Filters incorporating TiO2 and activated carbon have been used to remove nitrogen oxide and toluene at ppb levels from indoor air (Ao and Lee, 2004, 2005). A photochemical reactor incorporating TiO2 was applied in a continuous laminar flow that forced air to pass over the reactor (Chen et al., 2012). These studies provide useful experimental models for studying the effectiveness of air conditioning systems in reducing air pollution at moderate energy cost. However, the competition between adsorption onto and reemission from activated carbon air purifiers results in poor overall removal efficiencies (Obee and Brown, 1995). Frequent adjustments to the temperature and humidity of the environment are necessary to avoid secondary pollution caused by reemission from activated carbon fabric (Niu et al., 1998).

Box modeling techniques are applied widely on large scale environmental issues and engineering fields (Liu et al., 2000; Afram and Janabi-Sharifi, 2014; Sossan et al., 2016). Indoor air quality can be affected by VOCs, tinny particulates, microbes, or various types of hazardous pollutants which present a health risk to people. Rigorous mathematical modeling of fluid dynamics leads to a system of partial differential equations describing chemical behavior (Sanongraj et al., 2007). To understand the fate and dynamics of a chemical pollutant entering an air-conditioned environment, a conceptual box model is proposed, as shown in Fig. 1. Simplifying assumptions are made with respect to the relative concentrations of species in our model.

Mass balance provides an approach for identifying unknown concentrations and reaction rates. The initial mass of HCHO in a closed system is the sum of the initial mass of formaldehyde and the additional mass that can be derived from chemical transformation of other chemical species present in the system, expressed as HCHOinput = Ʃ (HCHO)+ + CHOtransf. The transformation of HCHO involves decomposition, polymerization, and oxidation to other chemicals (Salthammer et al., 2010). The photocatalytic oxidation of HCHO first forms the intermediate product carboxylic acid (HCOOH), which then oxidizes to carbon dioxide (CO2). The amounts of oxygen and water in the air have important impacts on the overall photocatalytic reaction efficiency of air cleaner units containing TiO2 catalysts (Yang et al., 2010). Therefore, the aerosol term of HCHO is emphasized in our model to reflect the effect of water molecules in the photochemical reactions. Based on other studies (Han et al., 2012; Lo et al., 2015; Yu et al., 2015), three air conditions of temperature, relative humidity and wind speed are considered as the principal factors on the removal of gaseous VOCs indoors.
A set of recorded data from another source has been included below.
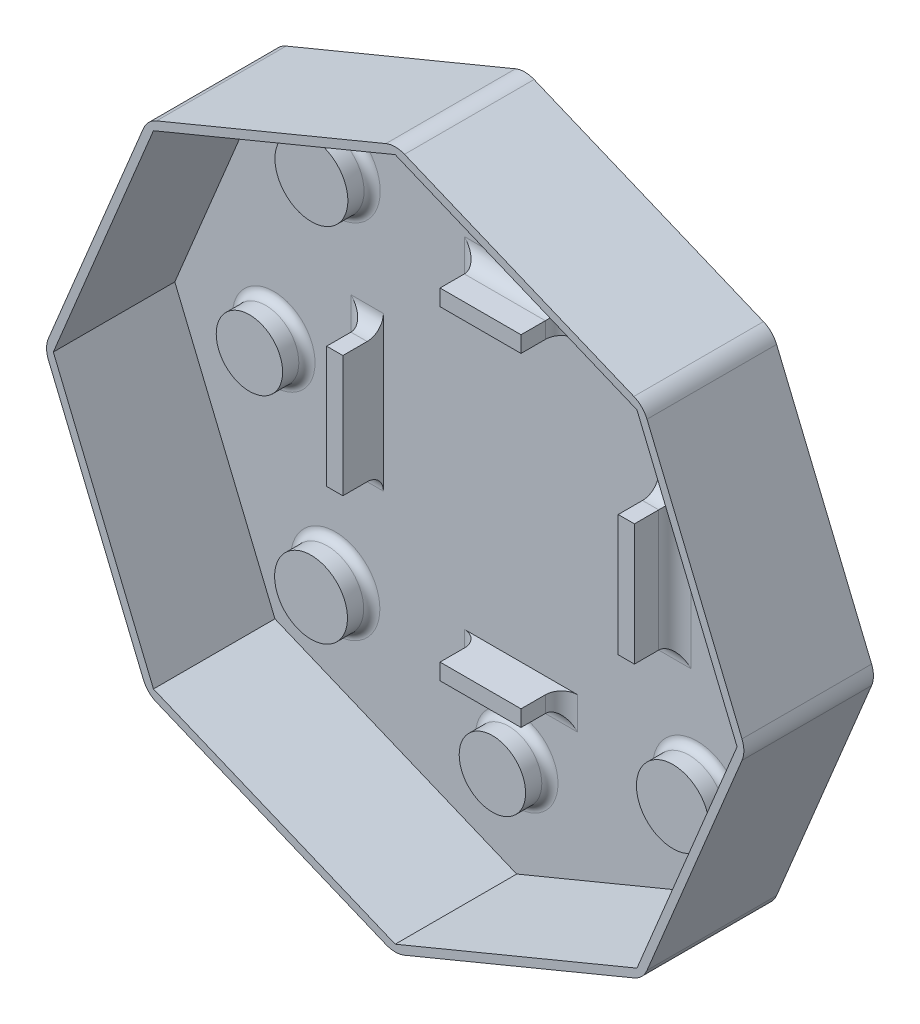
from build123d import *

# Parameters (mm, degrees)
BOSS_EXTRU_1_DEPTH      = 10
ESQUISSE2_R             = 3.1
ENL_V_MAT_EXTRU_1_DEPTH = 3
COQUE2_T                = -1
ESQUISSE5_R             = 4.5
BOSS_EXTRU_3_DEPTH      = 3
CONG_1_R                = 3
CONG_4_R                = 1
ESQUISSE6_W             = 2
ESQUISSE6_H             = 15
ESQUISSE6_W_2           = 10
ESQUISSE6_H_2           = 2
BOSS_EXTRU_4_DEPTH      = 5
CONG_5_R                = 2
BOSS_EXTRU_5_DEPTH      = 6


with BuildPart() as part:
    # Esquisse1 → Boss.-Extru.1 (new body)
    with BuildSketch(Plane.XY):
        Polygon((0, -43.295688012), (30.614674589, -30.614674589), (43.295688012, 0), (30.614674589, 30.614674589), (0, 43.295688012), (-30.614674589, 30.614674589), (-43.295688012, 0), (-30.614674589, -30.614674589), align=None)
    extrude(amount=BOSS_EXTRU_1_DEPTH)

    # Esquisse2 → Enlèv. mat.-Extru.1 (cut)
    with BuildSketch(Plane(origin=(0, 0, 0), x_dir=(-1, 0, 0), z_dir=(0, 0, -1))):
        with Locations((0, 30)):
            Circle(ESQUISSE2_R)
        with Locations((30, 0)):
            Circle(ESQUISSE2_R)
        with Locations((0, -30)):
            Circle(ESQUISSE2_R)
        with Locations((-30, 0)):
            Circle(ESQUISSE2_R)
    extrude(amount=-ENL_V_MAT_EXTRU_1_DEPTH, mode=Mode.SUBTRACT)

    # Coque2
    coque2_openings = [part.faces().sort_by_distance(p)[0] for p in [
        (0, 0, 10),
    ]]
    offset(amount=COQUE2_T, openings=coque2_openings, kind=Kind.INTERSECTION)

    # Esquisse5 → Boss.-Extru.3 (add)
    with BuildSketch(Plane.XY.offset(1)):
        with Locations((-22.348932936, 22.369089211)):
            Circle(ESQUISSE5_R)
        with Locations((-22.393864563, -22.310165371)):
            Circle(ESQUISSE5_R)
        with Locations((22.285390019, -22.355096998)):
            Circle(ESQUISSE5_R)
        with Locations((22.330321646, 22.324157584)):
            Circle(ESQUISSE5_R)
    extrude(amount=BOSS_EXTRU_3_DEPTH)

    # Congé1
    cong_1_edges = [part.edges().sort_by_distance(p)[0] for p in [
        (30.614674589, -30.614674589, 5),
        (0, -43.295688012, 5),
        (-30.614674589, -30.614674589, 5),
        (-43.295688012, 0, 5),
        (-30.614674589, 30.614674589, 5),
        (0, 43.295688012, 5),
        (30.614674589, 30.614674589, 5),
        (43.295688012, 0, 5),
    ]]
    fillet(cong_1_edges, radius=CONG_1_R)

    # Congé4
    cong_4_edges = [part.edges().sort_by_distance(p)[0] for p in [
        (34.1, 0, 1),
        (4.1, -30, 1),
        (-25.9, 0, 1),
        (4.1, 30, 1),
        (-26.848932936, 22.369089211, 1),
        (-26.893864563, -22.310165371, 1),
        (17.785390019, -22.355096998, 1),
        (17.830321646, 22.324157584, 1),
    ]]
    fillet(cong_4_edges, radius=CONG_4_R)

    # Esquisse6 → Boss.-Extru.4 (add)
    with BuildSketch(Plane.XY.offset(1)):
        with Locations((-17.464495368, 0)):
            Rectangle(ESQUISSE6_W, ESQUISSE6_H)
        with Locations((18.535504632, 0)):
            Rectangle(ESQUISSE6_W, ESQUISSE6_H)
        with Locations((0.535504632, 19.72199452)):
            Rectangle(ESQUISSE6_W_2, ESQUISSE6_H_2)
        with Locations((0.535504632, -20.27800548)):
            Rectangle(ESQUISSE6_W_2, ESQUISSE6_H_2)
    extrude(amount=BOSS_EXTRU_4_DEPTH)

    # Congé5
    cong_5_edges = [part.edges().sort_by_distance(p)[0] for p in [
        (-18.464495368, 0, 1),
        (-17.464495368, -7.5, 1),
        (-17.464495368, 7.5, 1),
        (18.535504632, -7.5, 1),
        (19.535504632, 0, 1),
        (18.535504632, 7.5, 1),
        (0.535504632, 20.72199452, 1),
        (-4.464495368, 19.72199452, 1),
        (5.535504632, 19.72199452, 1),
        (-4.464495368, -20.27800548, 1),
        (0.535504632, -21.27800548, 1),
        (5.535504632, -20.27800548, 1),
    ]]
    fillet(cong_5_edges, radius=CONG_5_R)

    # Esquisse7 → Boss.-Extru.5 (add)
    with BuildSketch(Plane.XY.offset(10)):
        with BuildLine():
            Line((-1.148050297, 42.820150008), (-29.466624292, 31.090212593))
            ThreePointArc((-29.466624292, 31.090212593), (-30.439894339, 30.439894339), (-31.090212593, 29.466624292))
            Line((-31.090212593, 29.466624292), (-42.820150008, 1.148050297))
            ThreePointArc((-42.820150008, 1.148050297), (-43.048511411, 0), (-42.820150008, -1.148050297))
            Line((-42.820150008, -1.148050297), (-31.090212593, -29.466624292))
            ThreePointArc((-31.090212593, -29.466624292), (-30.439894339, -30.439894339), (-29.466624292, -31.090212593))
            Line((-29.466624292, -31.090212593), (-1.148050297, -42.820150008))
            ThreePointArc((-1.148050297, -42.820150008), (0, -43.048511411), (1.148050297, -42.820150008))
            Line((1.148050297, -42.820150008), (29.466624292, -31.090212593))
            ThreePointArc((29.466624292, -31.090212593), (30.439894339, -30.439894339), (31.090212593, -29.466624292))
            Line((31.090212593, -29.466624292), (42.820150008, -1.148050297))
            ThreePointArc((42.820150008, -1.148050297), (43.048511411, 0), (42.820150008, 1.148050297))
            Line((42.820150008, 1.148050297), (31.090212593, 29.466624292))
            ThreePointArc((31.090212593, 29.466624292), (30.439894339, 30.439894339), (29.466624292, 31.090212593))
            Line((29.466624292, 31.090212593), (1.148050297, 42.820150008))
            ThreePointArc((1.148050297, 42.820150008), (0, 43.048511411), (-1.148050297, 42.820150008))
        make_face()
        Polygon((-42.213295811, 0), (-29.849307724, -29.849307724), (0, -42.213295811), (29.849307724, -29.849307724), (42.213295811, 0), (29.849307724, 29.849307724), (0, 42.213295811), (-29.849307724, 29.849307724), align=None, mode=Mode.SUBTRACT)
    extrude(amount=BOSS_EXTRU_5_DEPTH)


solid = part.part

To appraise the cleaning performance of modern air handling system needs to model the air purifier units either by the data driven or physics based approaches. Our aim is to investigate the effects of air conditioning parameters on the removal of HCHO by heating, ventilation, and air conditioning (HVAC) systems. Thus, we develop and assess a simple box model representing an air handling chamber with a photocatalytic air purifier. The model includes a set of air conditioning parameters and describes the behavior of HCHO species using the principles of mass balance and chemical kinetics. Three processes of HCHO removal could be distinguished and evaluated as a natural dissipation, a photodegradation, and photocatalytic oxidation decomposition within our experimental validation. This study presents results that describe the heterogeneous catalytic reaction of these species in detail and helps engineers to design air handling units to achieve improved

Fig. 1. Mass balance and transformations of HCHO for the photoreaction experiments with box modeling. Three processes were proposed to remove the gaseous HCHO in this conceptual box.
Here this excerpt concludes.